Which version of oprofile? rpm -q oprofile
The machine has a number of processor cores (16). Given that sampling rate this might be filling up the buffer to move data between kernel and user space rather quickly. It would be useful to check to see if using a larger buffer eliminates the problem. Something like the following command would instruct oprofile to use a larger buffer: sudo opcontrol --setup \ --vmlinux=/usr/lib/debug/lib/modules/`uname -r`/vmlinux \ -e INSTRUCTION_CACHE_MISSES:1000000:0:1:1 \ -e DATA_CACHE_MISSES:1000000:0:1:1 \ -e L2_CACHE_MISS:1000000:7:1:1 \ -e CPU_CLK_UNHALTED:1000000:0:1:1 \ --buffer-size=524288 --buffer-watershed=131072 If problem continues try larger buffer "--buffer-size=1048576 --buffer-watershed=262144" -Will
Could we check that this is due to running out of buffer space as in comment #5.

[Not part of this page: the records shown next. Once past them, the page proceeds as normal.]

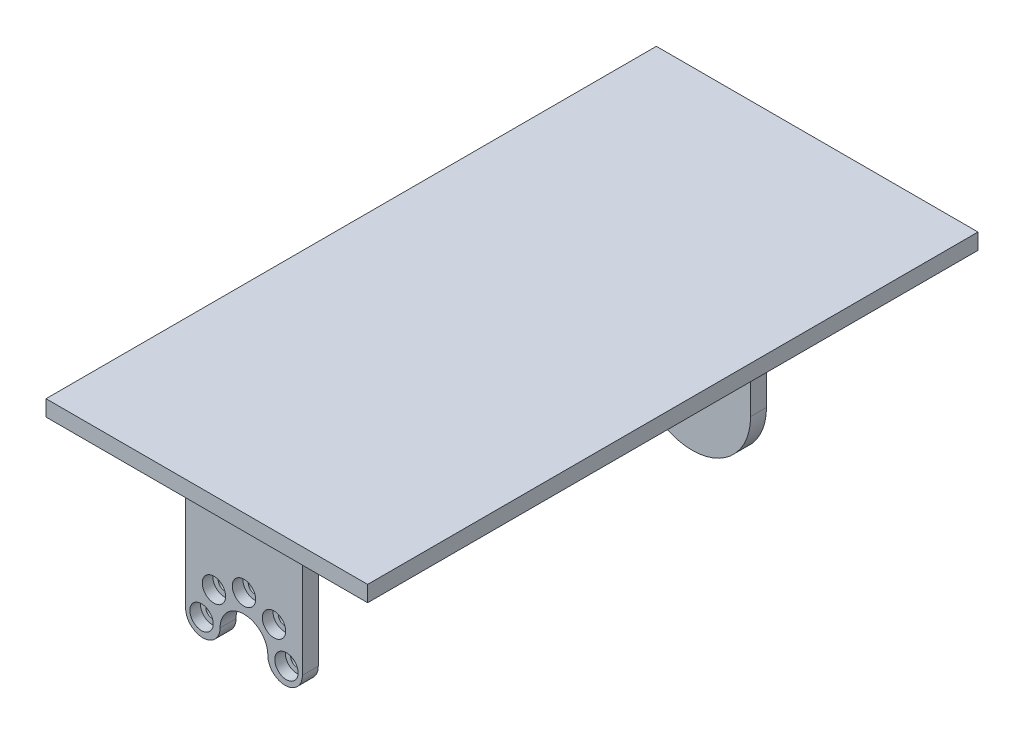
SolidWorks part; units mm, degrees
ref_plane "Plano frontal" through (0, 0, 0) normal (0, 0, 1) x (1, 0, 0)
ref_plane "Plano superior" through (0, 0, 0) normal (0, 1, 0) x (1, 0, 0)
ref_plane "Plano direito" through (0, 0, 0) normal (1, 0, 0) x (0, 0, -1)
sketch "Esboço1" plane through (0, 0, 0) normal (0, 0, 1) x (1, 0, 0)
  line L0 (11, 0) -> (11, 25)
  line L1 (11, 25) -> (-11, 25)
  line L2 (-11, 25) -> (-11, 0)
  arc A3 (11, 0) -> (4.5, 0) centre (7.75, 0) cw
  arc A8 (4.5, 0) -> (-4.5, 0) centre (0, 0) ccw
  arc A10 (-4.5, 0) -> (-11, 0) centre (-7.75, 0) cw
  dimension "D1" = 25
extrude "Ressalto-extrusão1" add sketch "Esboço1" along normal blind 3
sketch "Esboço2" plane through (0, 25, 0) normal (0, 1, 0) x (1, 0, 0)
  line L1 (-30.3, -10) -> (30.3, -10)
  line L2 (-30.3, -10) -> (-30.3, 105)
  line L3 (-30.3, 105) -> (30.3, 105)
  line L4 (30.3, -10) -> (30.3, 105)
  line L5 (11, -3) -> (-11, -3) construction
  point P7 (0, -3)
  point P8 (0, -10)
  dimension "D1" = 115
  dimension "D2" = 60.6
  dimension "D3" = 7
extrude "Ressalto-extrusão2" add sketch "Esboço2" along normal blind 3
ref_plane "Plano1" through (0, 0, -81.45) normal (0, 0, -1) x (-1, 0, 0)
sketch "Esboço3" plane through (0, 0, -81.45) normal (0, 0, -1) x (-1, 0, 0)
  line L1 (-11, 0) -> (-11, 25)
  line L2 (-11, 25) -> (11, 25)
  line L3 (11, 25) -> (11, 0)
  arc A0 (-11, 0) -> (11, 0) centre (0, 0) ccw
  dimension "D1" = 22
extrude "Ressalto-extrusão3" add sketch "Esboço3" along normal blind 3
hole_wizard "Rebaixo para SHCS M21" positions "Esboço4" profile "Esboço5" counterbore size "M2" standard "Ansi Metric" end condition up to next
sketch "Esboço4" plane through (0, 0, 3) normal (0, 0, 1) x (1, 0, 0)
  arc A0 (8.8, 0) -> (7.2, 0) centre (8, 0) ccw construction
  point P0 (8, 0)
sketch "Esboço5" plane through (8, 0, 3) normal (1, 0, 0) x (0, -1, 0)
  line L0 (0, 0) -> (0, 3)
  line L1 (0, 3) -> (1.2, 3)
  line L3 (1.2, 3) -> (1.2, 2)
  line L4 (1.2, 2) -> (2.2, 2)
  line L5 (2.2, 2) -> (2.2, 0)
  line L7 (2.2, 0) -> (0, 0)
  line L11 (0, -6.35) -> (0, 107.95) construction
  dimension "Thru Hole Dia." = 2.4
  dimension "Thru Hole Depth" = 3
  dimension "C'Bore Dia." = 4.4
  dimension "C'Bore Depth" = 2
pattern_circular "PadrãoCircular1" count 5 over 180 about axis through (0, 0, 3) along (0, 0, -1) of "Rebaixo para SHCS M21" reverse direction yes
sketch "Esboço6" plane through (0, 0, 0) normal (1, 0, 0) x (0, 0, -1)
  line L0 (-10, 25) -> (-3, 25) construction
  line L3 (-3, 25) -> (-3, 18) construction
  line L4 (-3, 0) -> (-3, 25) construction
  line L5 (-3, 18) -> (-10, 25)
rib "Nervura1" sketch "Esboço6" sketch "Esboço6" thickness 15 extrusion direction parallel to sketch draft on no parameters "D1"=15
sketch "Esboço7" plane through (0, 0, 3) normal (0, 0, 1) x (1, 0, 0)
  line L0 (-7.5, 25) -> (7.5, 25) construction
  line L1 (-5, 25) -> (5, 25)
  line L2 (-5, 25) -> (-5, 18)
  line L3 (-5, 18) -> (5, 18)
  line L4 (5, 25) -> (5, 18)
  line L5 (7.5, 18) -> (-7.5, 18) construction
  point P8 (0, 18)
  point P9 (0, 18)
  dimension "D1" = 10
extrude "Corte-extrusão1" cut sketch "Esboço7" along normal up to surface (7 mm away) up to face at (0, 21.5, 6.5)
sketch "Esboço8" plane through (0, 0, 0) normal (1, 0, 0) x (0, 0, -1)
  line L0 (0, 18) -> (7, 25)
  line L1 (0, 0) -> (0, 25) construction
  line L2 (-10, 25) -> (105, 25) construction
  line L5 (-10, 25) -> (-3, 18) construction
rib "Nervura7" sketch "Esboço8" sketch "Esboço8" thickness 15 extrusion direction parallel to sketch draft on no parameters "D1"=15
sketch "Esboço9" plane through (0, 0, 0) normal (0, 0, -1) x (-1, 0, 0)
  line L0 (-7.5, 18) -> (7.5, 18) construction
  line L1 (-5, 18) -> (5, 18)
  line L2 (-5, 18) -> (-5, 25)
  line L3 (-5, 25) -> (5, 25)
  line L4 (5, 18) -> (5, 25)
  line L5 (-11, 25) -> (-7.5, 25) construction
  point P8 (0, 18)
  point P9 (0, 18)
  dimension "D1" = 10
extrude "Corte-extrusão2" cut sketch "Esboço9" along normal up to surface up to face at (0, 21.5, -3.5)
pattern_linear "Padrão linear1" count 2 spacing 84.45 along (0, 0, -1) of "Nervura1", "Nervura7", "Corte-extrusão2", "Corte-extrusão1"
sketch "Esboço10" plane through (0, 0, -81.45) normal (0, 0, 1) x (1, 0, 0)
  circle A0 centre (0, 0) radius 2.75
  circle A2 centre (0, 0) radius 3.25 construction
  dimension "D1" = 0.5
extrude "Ressalto-extrusão4" add sketch "Esboço10" along normal offset from surface (0.6 mm away) 0.25 contours A0
hole_wizard "Rebaixo para parafuso com cabeça panela de M31" positions "Esboço11" profile "Esboço12" counterbore size "M3" standard "DIN" end condition up to next
sketch "Esboço11" plane through (0, 0, -84.45) normal (0, 0, -1) x (-1, 0, 0)
  circle A0 centre (0, 0) radius 3.25 construction
  point P0 (0, 0)
sketch "Esboço12" plane through (0, 0, -84.45) normal (1, 0, 0) x (0, 1, 0)
  line L0 (0, 0) -> (0, 3.6)
  line L1 (0, 3.6) -> (1.7, 3.6)
  line L3 (1.7, 3.6) -> (1.7, 1.5)
  line L4 (1.7, 1.5) -> (3.5, 1.5)
  line L5 (3.5, 1.5) -> (3.5, 0)
  line L7 (3.5, 0) -> (0, 0)
  line L11 (0, -6.35) -> (0, 107.95) construction
  dimension "Thru Hole Dia." = 3.4
  dimension "Thru Hole Depth" = 3.6
  dimension "C'Bore Dia." = 7
  dimension "C'Bore Depth" = 1.5

Did some more investigation on this. Got the oprofile debuginfo to see what rip:0x0409060 relates to. Used nm and sort to find out which function in. Look like in opb_sync: 0000000000409050 T odb_sync 0000000000409080 T odb_close Disassembly of the rpm installed /usr/bin/oprfiled (** marks problem instruction): 409050: 53 push %rbx 409051: 48 8b 1f mov (%rdi),%rbx 409054: 48 85 db test %rbx,%rbx 409057: 74 1f je 409078 <fflush@plt+0x72a8> 409059: 48 8b 43 10 mov 0x10(%rbx),%rax 40905d: 48 89 df mov %rbx,%rdi **409060: 8b 30 mov (%rax),%esi 409062: e8 99 ff ff ff callq 409000 <fflush@plt+0x7230> 409067: 48 8b 7b 28 mov 0x28(%rbx),%rdi 40906b: 89 c6 mov %eax,%esi 40906d: ba 01 00 00 00 mov $0x1,%edx 409072: 5b pop %rbx 409073: e9 b8 8a ff ff jmpq 401b30 <msync@plt> 409078: 5b pop %rbx 409079: c3 retq Looked for the equivalent in the local rpmbuild to better understand (** marks problem instruction): 0000000000409070 <odb_sync>: 409070: 53 push %rbx 409071: 48 8b 1f mov (%rdi),%rbx 409074: 48 85 db test %rbx,%rbx 409077: 74 1f je 409098 <odb_sync+0x28> 409079: 48 8b 43 10 mov 0x10(%rbx),%rax 40907d: 48 89 df mov %rbx,%rdi **409080: 8b 30 mov (%rax),%esi 409082: e8 99 ff ff ff callq 409020 <tables_size> 409087: 48 8b 7b 28 mov 0x28(%rbx),%rdi 40908b: 89 c6 mov %eax,%esi 40908d: ba 01 00 00 00 mov $0x1,%edx 409092: 5b pop %rbx 409093: e9 98 8a ff ff jmpq 401b30 <msync@plt> 409098: 5b pop %rbx 409099: c3 retq The following is the odb_sync() function from ./libdb/db_manage.c: void odb_sync(odb_t const * odb) { odb_data_t * data = odb->data; size_t size; if (!data) return; size = tables_size(data, data->descr->size); msync(data->base_memory, size, MS_ASYNC); } Either the value of data data or data->descr getting corrupted.
Could not reproduce; not recently problematic.